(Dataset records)
=-=-=-=-=

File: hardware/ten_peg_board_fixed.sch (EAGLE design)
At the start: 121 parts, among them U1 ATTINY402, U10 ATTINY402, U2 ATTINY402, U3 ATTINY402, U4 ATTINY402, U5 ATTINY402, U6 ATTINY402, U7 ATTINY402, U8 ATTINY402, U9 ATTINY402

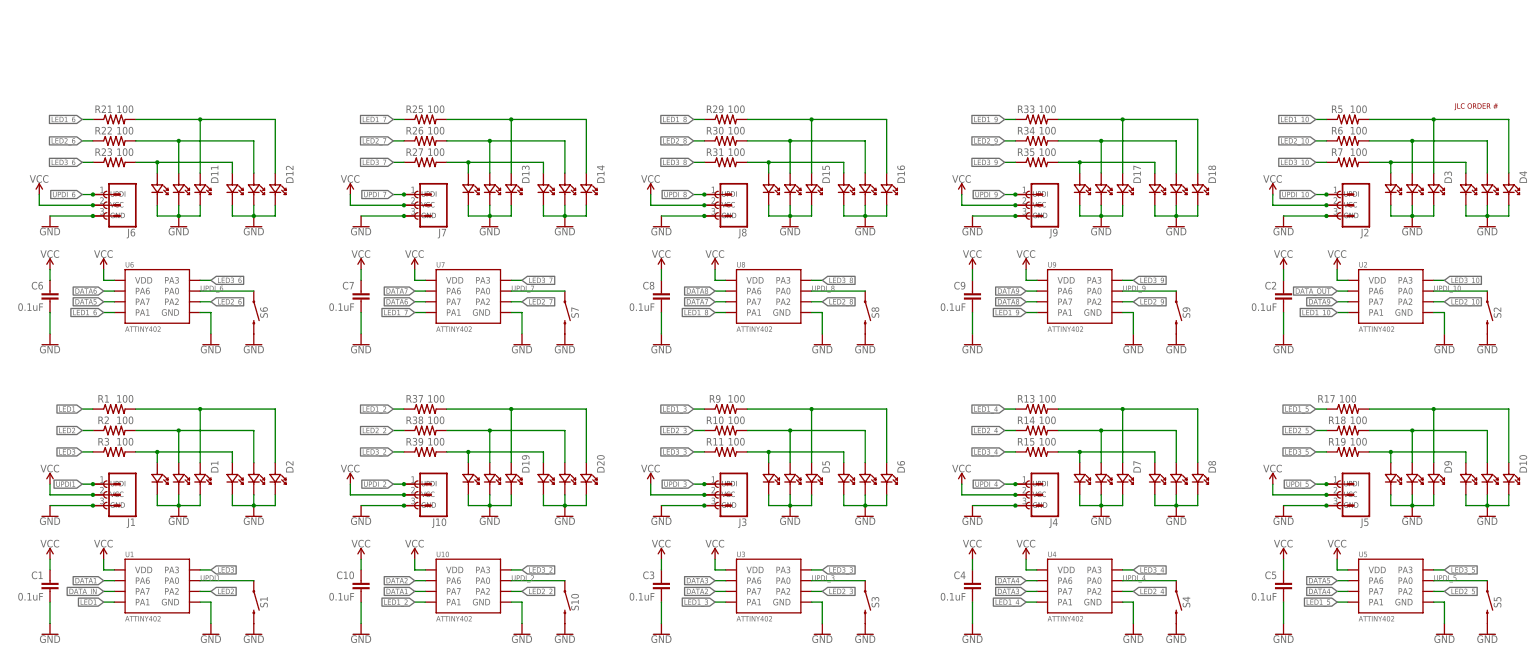
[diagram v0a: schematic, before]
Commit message: add color picker and add more comments
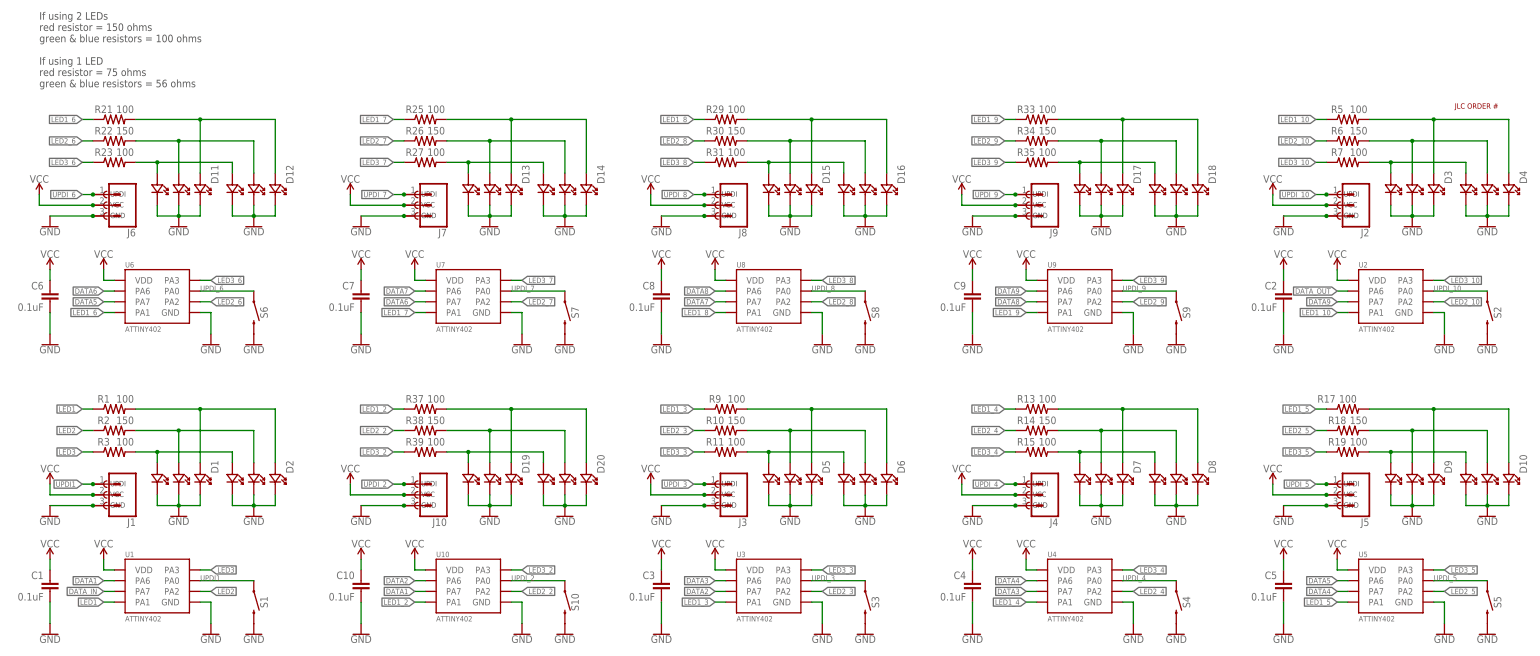
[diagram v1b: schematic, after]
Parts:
- R10, R14, R18, R2, R22, R26, R30, R34, R38, R6: value 100 -> 150
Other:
- note added: "If using 2 LEDs red resistor = 150 ohms green & blue resistors = 100 ohms If using 1 LED red resistor = 75 ohms green & blue resistors = 56 ohms"
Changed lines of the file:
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@@
 <part name="GND3" library="SparkFun-PowerSymbols" deviceset="GND" device=""/>
 <part name="R1" library="SparkFun-Resistors" deviceset="100OHM" device="-0603-1/4W-5%" value="100"/>
-<part name="R2" library="SparkFun-Resistors" deviceset="100OHM" device="-0603-1/4W-5%" value="100"/>
+<part name="R2" library="SparkFun-Resistors" deviceset="100OHM" device="-0603-1/4W-5%" value="150"/>
 <part name="R3" library="SparkFun-Resistors" deviceset="100OHM" device="-0603-1/4W-5%" value="100"/>
 <part name="D1" library="IDEO-Diodes" deviceset="19-337C/RSBHGHC-A88/4T" device=""/>
@@
 <part name="GND9" library="SparkFun-PowerSymbols" deviceset="GND" device=""/>
 <part name="R5" library="SparkFun-Resistors" deviceset="100OHM" device="-0603-1/4W-5%" value="100"/>
-<part name="R6" library="SparkFun-Resistors" deviceset="100OHM" device="-0603-1/4W-5%" value="100"/>
+<part name="R6" library="SparkFun-Resistors" deviceset="100OHM" device="-0603-1/4W-5%" value="150"/>
 <part name="R7" library="SparkFun-Resistors" deviceset="100OHM" device="-0603-1/4W-5%" value="100"/>
 <part name="D3" library="IDEO-Diodes" deviceset="19-337C/RSBHGHC-A88/4T" device=""/>
@@
 <part name="GND15" library="SparkFun-PowerSymbols" deviceset="GND" device=""/>
 <part name="R9" library="SparkFun-Resistors" deviceset="100OHM" device="-0603-1/4W-5%" value="100"/>
-<part name="R10" library="SparkFun-Resistors" deviceset="100OHM" device="-0603-1/4W-5%" value="100"/>
+<part name="R10" library="SparkFun-Resistors" deviceset="100OHM" device="-0603-1/4W-5%" value="150"/>
 <part name="R11" library="SparkFun-Resistors" deviceset="100OHM" device="-0603-1/4W-5%" value="100"/>
 <part name="D5" library="IDEO-Diodes" deviceset="19-337C/RSBHGHC-A88/4T" device=""/>
@@
 <part name="GND21" library="SparkFun-PowerSymbols" deviceset="GND" device=""/>
 <part name="R13" library="SparkFun-Resistors" deviceset="100OHM" device="-0603-1/4W-5%" value="100"/>
-<part name="R14" library="SparkFun-Resistors" deviceset="100OHM" device="-0603-1/4W-5%" value="100"/>
+<part name="R14" library="SparkFun-Resistors" deviceset="100OHM" device="-0603-1/4W-5%" value="150"/>
 <part name="R15" library="SparkFun-Resistors" deviceset="100OHM" device="-0603-1/4W-5%" value="100"/>
 <part name="D7" library="IDEO-Diodes" deviceset="19-337C/RSBHGHC-A88/4T" device=""/>
@@
 <part name="GND27" library="SparkFun-PowerSymbols" deviceset="GND" device=""/>
 <part name="R17" library="SparkFun-Resistors" deviceset="100OHM" device="-0603-1/4W-5%" value="100"/>
-<part name="R18" library="SparkFun-Resistors" deviceset="100OHM" device="-0603-1/4W-5%" value="100"/>
+<part name="R18" library="SparkFun-Resistors" deviceset="100OHM" device="-0603-1/4W-5%" value="150"/>
 <part name="R19" library="SparkFun-Resistors" deviceset="100OHM" device="-0603-1/4W-5%" value="100"/>
 <part name="D9" library="IDEO-Diodes" deviceset="19-337C/RSBHGHC-A88/4T" device=""/>
@@
 <part name="GND33" library="SparkFun-PowerSymbols" deviceset="GND" device=""/>
 <part name="R21" library="SparkFun-Resistors" deviceset="100OHM" device="-0603-1/4W-5%" value="100"/>
-<part name="R22" library="SparkFun-Resistors" deviceset="100OHM" device="-0603-1/4W-5%" value="100"/>
+<part name="R22" library="SparkFun-Resistors" deviceset="100OHM" device="-0603-1/4W-5%" value="150"/>
 <part name="R23" library="SparkFun-Resistors" deviceset="100OHM" device="-0603-1/4W-5%" value="100"/>
 <part name="D11" library="IDEO-Diodes" deviceset="19-337C/RSBHGHC-A88/4T" device=""/>
@@
 <part name="GND39" library="SparkFun-PowerSymbols" deviceset="GND" device=""/>
 <part name="R25" library="SparkFun-Resistors" deviceset="100OHM" device="-0603-1/4W-5%" value="100"/>
-<part name="R26" library="SparkFun-Resistors" deviceset="100OHM" device="-0603-1/4W-5%" value="100"/>
+<part name="R26" library="SparkFun-Resistors" deviceset="100OHM" device="-0603-1/4W-5%" value="150"/>
 <part name="R27" library="SparkFun-Resistors" deviceset="100OHM" device="-0603-1/4W-5%" value="100"/>
 <part name="D13" library="IDEO-Diodes" deviceset="19-337C/RSBHGHC-A88/4T" device=""/>
@@
 <part name="GND45" library="SparkFun-PowerSymbols" deviceset="GND" device=""/>
 <part name="R29" library="SparkFun-Resistors" deviceset="100OHM" device="-0603-1/4W-5%" value="100"/>
-<part name="R30" library="SparkFun-Resistors" deviceset="100OHM" device="-0603-1/4W-5%" value="100"/>
+<part name="R30" library="SparkFun-Resistors" deviceset="100OHM" device="-0603-1/4W-5%" value="150"/>
 <part name="R31" library="SparkFun-Resistors" deviceset="100OHM" device="-0603-1/4W-5%" value="100"/>
 <part name="D15" library="IDEO-Diodes" deviceset="19-337C/RSBHGHC-A88/4T" device=""/>
@@
 <part name="GND51" library="SparkFun-PowerSymbols" deviceset="GND" device=""/>
 <part name="R33" library="SparkFun-Resistors" deviceset="100OHM" device="-0603-1/4W-5%" value="100"/>
-<part name="R34" library="SparkFun-Resistors" deviceset="100OHM" device="-0603-1/4W-5%" value="100"/>
+<part name="R34" library="SparkFun-Resistors" deviceset="100OHM" device="-0603-1/4W-5%" value="150"/>
 <part name="R35" library="SparkFun-Resistors" deviceset="100OHM" device="-0603-1/4W-5%" value="100"/>
 <part name="D17" library="IDEO-Diodes" deviceset="19-337C/RSBHGHC-A88/4T" device=""/>
@@
 <part name="GND57" library="SparkFun-PowerSymbols" deviceset="GND" device=""/>
 <part name="R37" library="SparkFun-Resistors" deviceset="100OHM" device="-0603-1/4W-5%" value="100"/>
-<part name="R38" library="SparkFun-Resistors" deviceset="100OHM" device="-0603-1/4W-5%" value="100"/>
+<part name="R38" library="SparkFun-Resistors" deviceset="100OHM" device="-0603-1/4W-5%" value="150"/>
 <part name="R39" library="SparkFun-Resistors" deviceset="100OHM" device="-0603-1/4W-5%" value="100"/>
 <part name="D19" library="IDEO-Diodes" deviceset="19-337C/RSBHGHC-A88/4T" device=""/>
@@
 <text x="247.904" y="159.512" size="1.27" layer="97">VCC</text>
 <text x="247.904" y="156.972" size="1.27" layer="97">GND</text>
+<text x="12.7" y="187.96" size="1.778" layer="97">If using 2 LEDs
+red resistor = 150 ohms
+green &amp; blue resistors = 100 ohms
+If using 1 LED
+red resistor = 75 ohms
+green &amp; blue resistors = 56 ohms</text>
 </plain>
 <instances>
@@
 </schematic>
 </drawing>
+<compatibility>
+<note version="6.3" minversion="6.2.2" severity="warning">
+Since Version 6.2.2 text objects can contain more than one line,
+which will not be processed correctly with this version.
+</note>
+</compatibility>
 </eagle>

=-=-=-=-=

Within the lines above, find those holding the word "size" and copy them.

 <text x="247.904" y="159.512" size="1.27" layer="97">VCC</text>
 <text x="247.904" y="156.972" size="1.27" layer="97">GND</text>
+<text x="12.7" y="187.96" size="1.778" layer="97">If using 2 LEDs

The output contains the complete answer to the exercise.